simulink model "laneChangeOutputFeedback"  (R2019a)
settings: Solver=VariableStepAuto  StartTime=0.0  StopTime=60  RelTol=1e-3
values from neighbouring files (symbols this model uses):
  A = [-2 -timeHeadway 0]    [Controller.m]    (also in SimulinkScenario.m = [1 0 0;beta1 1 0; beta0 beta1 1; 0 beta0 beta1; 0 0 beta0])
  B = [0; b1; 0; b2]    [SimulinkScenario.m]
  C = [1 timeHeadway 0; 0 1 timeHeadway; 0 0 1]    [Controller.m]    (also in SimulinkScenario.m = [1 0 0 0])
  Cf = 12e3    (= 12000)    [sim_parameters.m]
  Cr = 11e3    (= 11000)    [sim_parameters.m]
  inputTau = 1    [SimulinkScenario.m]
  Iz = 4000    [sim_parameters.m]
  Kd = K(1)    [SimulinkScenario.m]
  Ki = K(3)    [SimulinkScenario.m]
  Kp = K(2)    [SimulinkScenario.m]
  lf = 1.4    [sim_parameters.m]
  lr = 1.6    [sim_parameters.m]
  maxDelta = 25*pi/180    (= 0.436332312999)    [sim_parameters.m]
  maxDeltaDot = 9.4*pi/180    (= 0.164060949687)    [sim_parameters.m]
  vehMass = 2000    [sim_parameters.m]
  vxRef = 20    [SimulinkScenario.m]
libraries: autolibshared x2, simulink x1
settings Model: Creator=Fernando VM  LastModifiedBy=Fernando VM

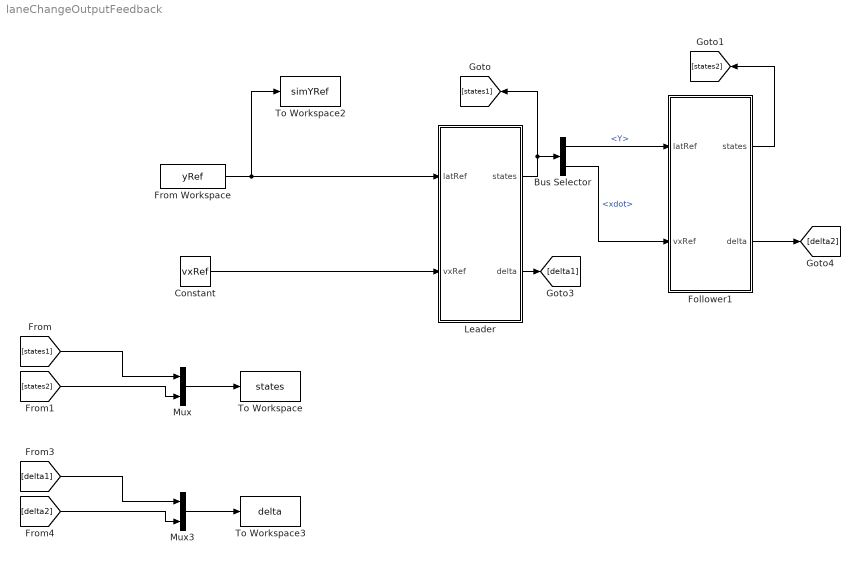
== system laneChangeOutputFeedback ==
  Bus Selector : BusSelector  OutputSignals=Y,xdot
  Constant : Constant  Value=vxRef
  Follower1 : Subsystem  mask{maxDelta=maxDelta, maxDeltaDot=maxDeltaDot, vehMass=vehMass, lf=lf, lr=lr, Cf=Cf, Cr=Cr, Iz=Iz, initPos=0, initVel=20, A=A, B=B, C=C, Kp=Kp, Ki=Ki, Kd=Kd, inputTau=inputTau}
      mask prompts: maxDelta "Max Delta"; maxDeltaDot "Max Delta Variation"; vehMass "Vehicle Mass"; lf "Dist Center of Mass to Front Axle"; lr "Dist Center of Mass to Rear Axle"; Cf "Front Tire Stiffness"; Cr "Rear Tire Sitffness"; Iz "Yaw Inertia"; initPos "Initial Long Position"; initVel "Initial Long Velocity"; inputTau "Input filter time constant"
      mask DialogControl ParameterGroupVar Prompt: Vehicle Parameters
      mask DialogControl Container6 Prompt: Initial Conditions
      mask DialogControl Container3 Prompt: Linear Model
      mask DialogControl Container5 Prompt: Controller
  From Workspace : FromWorkspace  VariableName=yRef  SampleTime=0
  Leader : Subsystem  mask{maxDelta=maxDelta, maxDeltaDot=maxDeltaDot, vehMass=vehMass, lf=lf, lr=lr, Cf=Cf, Cr=Cr, Iz=Iz, initPos=9.71, initVel=20, A=A, B=B, C=C, Kp=Kp, Ki=Ki, Kd=Kd, inputTau=inputTau}
      mask prompts: maxDelta "Max Delta"; maxDeltaDot "Max Delta Variation"; vehMass "Vehicle Mass"; lf "Dist Center of Mass to Front Axle"; lr "Dist Center of Mass to Rear Axle"; Cf "Front Tire Stiffness"; Cr "Rear Tire Sitffness"; Iz "Yaw Inertia"; initPos "Initial Long Position"; initVel "Initial Long Velocity"; inputTau "Input filter time constant"
      mask DialogControl ParameterGroupVar Prompt: Vehicle Parameters
      mask DialogControl Container6 Prompt: Initial Conditions
      mask DialogControl Container3 Prompt: Linear Model
      mask DialogControl Container5 Prompt: Controller
  Mux : Mux  Inputs=2
  Mux3 : Mux  Inputs=2
  To Workspace : ToWorkspace  VariableName=states  SampleTime=-1
  To Workspace2 : ToWorkspace  VariableName=simYRef  SampleTime=-1
  To Workspace3 : ToWorkspace  VariableName=delta  SampleTime=-1
  wires:
  From Workspace/1 -> Leader/1(latRef), To Workspace2/1
  Constant/1 -> Leader/2(vxRef)
  Leader/1(states) -> [states1], Bus Selector/1
  Bus Selector/2 -> Follower1/2(vxRef)  "<xdot>"
  Follower1/2(delta) -> [delta2]
  Follower1/1(states) -> [states2]
  Mux/1 -> To Workspace/1
  [states1] -> Mux/1
  [states2] -> Mux/2
  Leader/2(delta) -> [delta1]
  [delta2] -> Mux3/2
  [delta1] -> Mux3/1
  Mux3/1 -> To Workspace3/1
  Bus Selector/1 -> Follower1/1(latRef)  "<Y>"

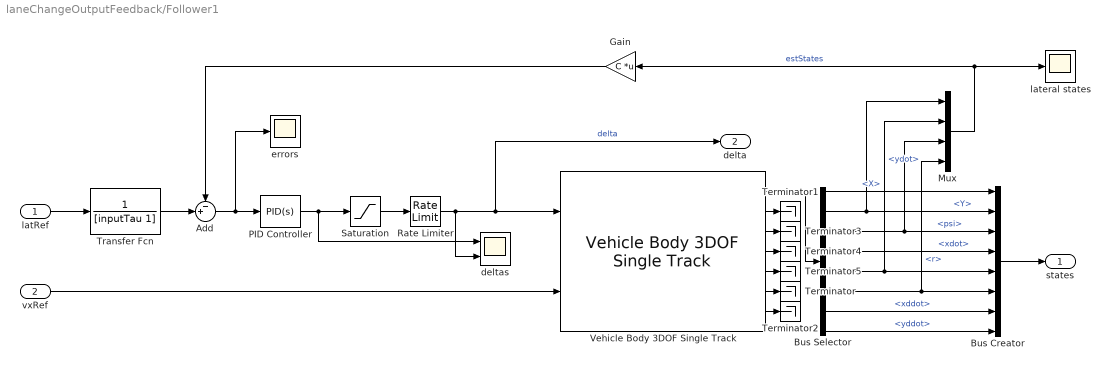
== system laneChangeOutputFeedback/Follower1 ==
  latRef : Inport
  vxRef : Inport  Port=2
  Add : Sum  Inputs=-+|
  Bus Creator : BusCreator  Inputs=8
  Bus Selector : BusSelector  OutputSignals=InertFrm.Cg.Disp.X,InertFrm.Cg.Disp.Y,InertFrm.Cg.Ang.psi,BdyFrm.Cg.Vel.xdot,BdyFrm.Cg.Vel.ydot,BdyFrm.Cg.AngVel.r,BdyFrm.Cg.Acc.xddot,BdyFrm.Cg.Acc.yddot
  Gain : Gain  Gain=C  Multiplication=Matrix(K*u)
  Mux : Mux
  PID Controller : simulink/Continuous/PID Controller  Controller=PID  Form=Parallel  TimeDomain=Continuous-time  SampleTime=-1  IntegratorMethod=Forward Euler  FilterMethod=Forward Euler  ControllerParametersSource=internal  P=Kp  I=Ki  D=Kd  UseFilter=on  N=100  TunerSelectOption=Transfer Function Based (PID Tuner App)  InitialConditionSource=internal  InitialConditionForIntegrator=0  InitialConditionForFilter=0  DifferentiatorICPrevScaledInput=0  ExternalReset=none  TrackingMode=off  Kt=1  LimitOutput=off  UpperSaturationLimit=inf  LowerSaturationLimit=-inf  LinearizeAsGain=on  AntiWindupMode=none  Kb=1  POutMin=[]  POutMax=[]  IOutMin=[]  IOutMax=[]  DOutMin=[]  DOutMax=[]  NOutMin=[]  NOutMax=[]  SumOutMin=[]  SumOutMax=[]  SaturationOutMin=[]  SaturationOutMax=[]  PParamMin=[]  PParamMax=[]  IParamMin=[]  IParamMax=[]  DParamMin=[]  DParamMax=[]  NParamMin=[]  NParamMax=[]  KbParamMin=[]  KbParamMax=[]  KtParamMin=[]  KtParamMax=[]  KbOutMin=[]  KbOutMax=[]  KtOutMin=[]  KtOutMax=[]  IntegratorOutMin=[]  IntegratorOutMax=[]  FilterOutMin=[]  FilterOutMax=[]  SumI1OutMin=[]  SumI1OutMax=[]  SumI2OutMin=[]  SumI2OutMax=[]  SumI3OutMin=[]  SumI3OutMax=[]  SumI4OutMin=[]  SumI4OutMax=[]  SumDOutMin=[]  SumDOutMax=[]  DifferentiatorOutMin=[]  DifferentiatorOutMax=[]  FilterDiffOutCoefMin=[]  FilterDiffOutCoefMax=[]  ReciprocalOutMin=[]  ReciprocalOutMax=[]  SumDenOutMin=[]  SumDenOutMax=[]  SumNumOutMin=[]  SumNumOutMax=[]  DivideOutMin=[]  DivideOutMax=[]  IntegratorContinuousStateAttributes=''  IntegratorStateMustResolveToSignalObject=off  IntegratorRTWStateStorageClass=Auto  FilterContinuousStateAttributes=''  FilterStateMustResolveToSignalObject=off  FilterRTWStateStorageClass=Auto  ParallelPVariant=InternalParameters  IdealPVariant=Disabled  IVariant=InternalParameters  DVariant=InternalParameters  IntegratorVariant=Continuous  SatVariant=Disabled  AWVariant=Passthrough  PCopyVariant=Disabled  TRVariant=Disabled  FdbkBlocksVariant=Forward  IdealPFdbkVariant=Disabled  SatFdbkVariant=Disabled  DerivativeFilterVariant=ContFilter  NVariant=InternalParameters  NCopyVariant=Disabled  FilterICVariant=InternalICsFilter  IntegratorICVariant=InternalICs  ExternalResetVariant=Disabled  TRSumVariant=Passthrough  SumFdbkVariant=Disabled  SumVariant=Sum_PID
  Rate Limiter : RateLimiter  RisingSlewLimit=maxDeltaDot  FallingSlewLimit=-maxDeltaDot  SampleTimeMode=inherited
  Saturation : Saturate  UpperLimit=maxDelta  LowerLimit=-maxDelta
  Terminator{,1..5} (6 alike) : Terminator
  Transfer Fcn : TransferFcn  Denominator=[inputTau 1]
  Vehicle Body 3DOF Single Track : autolibshared/Vehicle Body 3DOF Single Track  trackMode=Single (bicycle)  inputMode=External longitudinal velocity  frontSteerMode=on  rearSteerMode=off  windMode=off  muMode=off  extFMode=off  extMMode=off  extXo=off  extpsio=off  extxdoto=off  extro=off  extYo=off  extTamb=off  extydoto=off  aMode=2  NF=2  NR=2  m=vehMass  a=lf  b=lr  h=0.35  X_o=initPos  xdot_o=0  CalphaMode=off  sigmaMode=on  d=0  w=[1.4,1.4]  Cy_f=Cf  Cy_r=Cr  sigma_f=.1  sigma_r=.1  alpha_f_brk=[-.1 .1]  Cy_f_data=[-9e3 9e3]  alpha_r_brk=[-.1 .1]  Cy_r_data=[-9e3 9e3]  Y_o=0  ydot_o=0  Izz=Iz  psi_o=0  r_o=0  Af=2  Cd=.3  Cl=.1  Cpm=.1  beta_w=[0:0.01:0.3]  Cs=[0:0.03:0.9]  Cym=[0:0.01:0.3]  Pabs=101325  Tair=273  g=9.81  mu=1  xdot_tol=.01  Fznom=5000  Fxtire_sat=7e4  Fytire_sat=7e4  longOff=0  latOff=0  vertOff=0  wrapAng=off
      settings: SourceProductName=Powertrain Blockset  SourceProductBaseCode=PW
  deltas : Scope  NumInputPorts=2
  errors : Scope
  lateral states : Scope
  states : Outport
  delta : Outport  Port=2
  wires:
  Add/1 -> PID Controller/1, errors/1
  PID Controller/1 -> deltas/1, Saturation/1
  Vehicle Body 3DOF Single Track/1 -> Bus Selector/1
  Bus Selector/2 -> Bus Creator/2, Mux/1  "<Y>"
  Rate Limiter/1 -> delta/1, Vehicle Body 3DOF Single Track/1, deltas/2  "delta"
  Saturation/1 -> Rate Limiter/1
  vxRef/1 -> Vehicle Body 3DOF Single Track/2
  Mux/1 -> Gain/1, lateral states/1  "estStates"
  latRef/1 -> Transfer Fcn/1
  Transfer Fcn/1 -> Add/2
  Vehicle Body 3DOF Single Track/2 -> Terminator1/1
  Vehicle Body 3DOF Single Track/6 -> Terminator/1
  Vehicle Body 3DOF Single Track/7 -> Terminator2/1
  Bus Selector/5 -> Bus Creator/5, Mux/2  "<ydot>"
  Bus Selector/3 -> Bus Creator/3, Mux/3  "<psi>"
  Bus Selector/6 -> Bus Creator/6, Mux/4  "<r>"
  Vehicle Body 3DOF Single Track/3 -> Terminator3/1
  Vehicle Body 3DOF Single Track/4 -> Terminator4/1
  Vehicle Body 3DOF Single Track/5 -> Terminator5/1
  Bus Creator/1 -> states/1
  Bus Selector/1 -> Bus Creator/1  "<X>"
  Bus Selector/4 -> Bus Creator/4  "<xdot>"
  Bus Selector/7 -> Bus Creator/7  "<xddot>"
  Bus Selector/8 -> Bus Creator/8  "<yddot>"
  Gain/1 -> Add/1

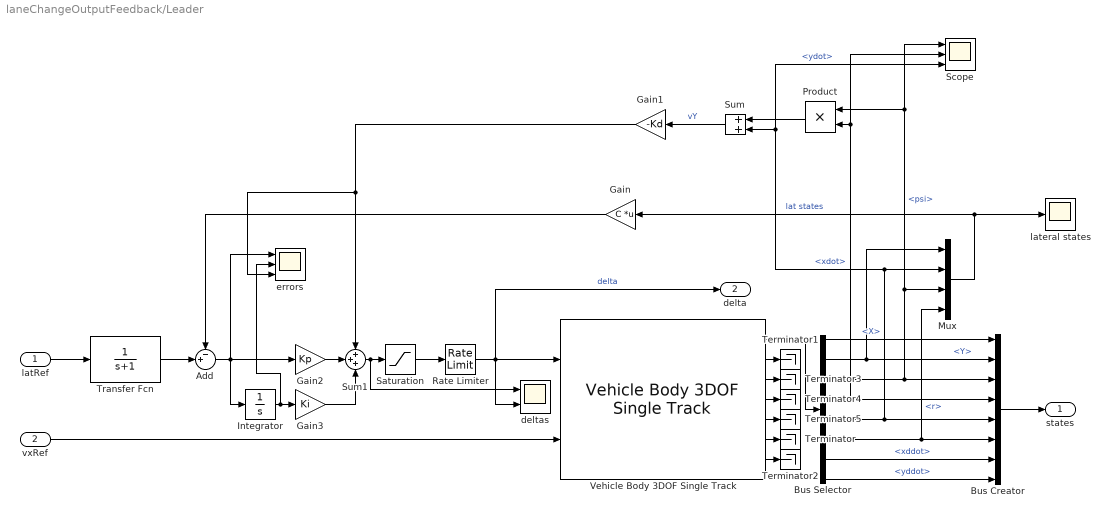
== system laneChangeOutputFeedback/Leader ==
  latRef : Inport
  vxRef : Inport  Port=2
  Add : Sum  Inputs=-+|
  Bus Creator : BusCreator  Inputs=8
  Bus Selector : BusSelector  OutputSignals=InertFrm.Cg.Disp.X,InertFrm.Cg.Disp.Y,InertFrm.Cg.Ang.psi,BdyFrm.Cg.Vel.xdot,BdyFrm.Cg.Vel.ydot,BdyFrm.Cg.AngVel.r,BdyFrm.Cg.Acc.xddot,BdyFrm.Cg.Acc.yddot
  Gain : Gain  Gain=C  Multiplication=Matrix(K*u)
  Gain1 : Gain  Gain=-Kd
  Gain2 : Gain  Gain=Kp
  Gain3 : Gain  Gain=Ki
  Integrator : Integrator
  Mux : Mux
  Product : Product
  Rate Limiter : RateLimiter  RisingSlewLimit=maxDeltaDot  FallingSlewLimit=-maxDeltaDot  SampleTimeMode=inherited
  Saturation : Saturate  UpperLimit=maxDelta  LowerLimit=-maxDelta
  Scope : Scope  NumInputPorts=3
  Sum : Sum
  Sum1 : Sum  Inputs=+++
  Terminator{,1..5} (6 alike) : Terminator
  Transfer Fcn : TransferFcn  Denominator=[1 1]
  Vehicle Body 3DOF Single Track : autolibshared/Vehicle Body 3DOF Single Track  trackMode=Single (bicycle)  inputMode=External longitudinal velocity  frontSteerMode=on  rearSteerMode=off  windMode=off  muMode=off  extFMode=off  extMMode=off  extXo=off  extpsio=off  extxdoto=off  extro=off  extYo=off  extTamb=off  extydoto=off  aMode=2  NF=2  NR=2  m=vehMass  a=lf  b=lr  h=0.35  X_o=initPos  xdot_o=0  CalphaMode=off  sigmaMode=on  d=0  w=[1.4,1.4]  Cy_f=Cf  Cy_r=Cr  sigma_f=.1  sigma_r=.1  alpha_f_brk=[-.1 .1]  Cy_f_data=[-9e3 9e3]  alpha_r_brk=[-.1 .1]  Cy_r_data=[-9e3 9e3]  Y_o=0  ydot_o=0  Izz=Iz  psi_o=0  r_o=0  Af=2  Cd=.3  Cl=.1  Cpm=.1  beta_w=[0:0.01:0.3]  Cs=[0:0.03:0.9]  Cym=[0:0.01:0.3]  Pabs=101325  Tair=273  g=9.81  mu=1  xdot_tol=.01  Fznom=5000  Fxtire_sat=7e4  Fytire_sat=7e4  longOff=0  latOff=0  vertOff=0  wrapAng=off
      settings: SourceProductName=Powertrain Blockset  SourceProductBaseCode=PW
  deltas : Scope  NumInputPorts=2
  errors : Scope  NumInputPorts=3
  lateral states : Scope
  states : Outport
  delta : Outport  Port=2
  wires:
  Add/1 -> Integrator/1, Gain2/1, errors/1
  Vehicle Body 3DOF Single Track/1 -> Bus Selector/1
  Bus Selector/2 -> Bus Creator/2, Mux/1  "<Y>"
  Rate Limiter/1 -> deltas/2, delta/1, Vehicle Body 3DOF Single Track/1  "delta"
  Saturation/1 -> Rate Limiter/1
  vxRef/1 -> Vehicle Body 3DOF Single Track/2
  Mux/1 -> Gain/1, lateral states/1  "lat states"
  latRef/1 -> Transfer Fcn/1
  Transfer Fcn/1 -> Add/2
  Vehicle Body 3DOF Single Track/2 -> Terminator1/1
  Vehicle Body 3DOF Single Track/6 -> Terminator/1
  Vehicle Body 3DOF Single Track/7 -> Terminator2/1
  Bus Selector/5 -> Bus Creator/5, Scope/3, Sum/2, Mux/2  "<ydot>"
  Bus Selector/3 -> Bus Creator/3, Scope/1, Product/1, Mux/3  "<psi>"
  Bus Selector/6 -> Bus Creator/6, Mux/4  "<r>"
  Vehicle Body 3DOF Single Track/3 -> Terminator3/1
  Vehicle Body 3DOF Single Track/4 -> Terminator4/1
  Vehicle Body 3DOF Single Track/5 -> Terminator5/1
  Bus Creator/1 -> states/1
  Bus Selector/1 -> Bus Creator/1  "<X>"
  Bus Selector/4 -> Scope/2, Product/2, Bus Creator/4  "<xdot>"
  Bus Selector/7 -> Bus Creator/7  "<xddot>"
  Bus Selector/8 -> Bus Creator/8  "<yddot>"
  Gain/1 -> Add/1
  Product/1 -> Sum/1
  Sum/1 -> Gain1/1  "vY"
  Integrator/1 -> errors/2, Gain3/1
  Gain2/1 -> Sum1/2
  Sum1/1 -> deltas/1, Saturation/1
  Gain3/1 -> Sum1/3
  Gain1/1 -> errors/3, Sum1/1

---

From the entries above, collect every line with the string "laneChangeOutputFeedback" in it.

OUTPUT FOR THIS TASK:
simulink model "laneChangeOutputFeedback"  (R2019a)
== system laneChangeOutputFeedback ==
== system laneChangeOutputFeedback/Follower1 ==
== system laneChangeOutputFeedback/Leader ==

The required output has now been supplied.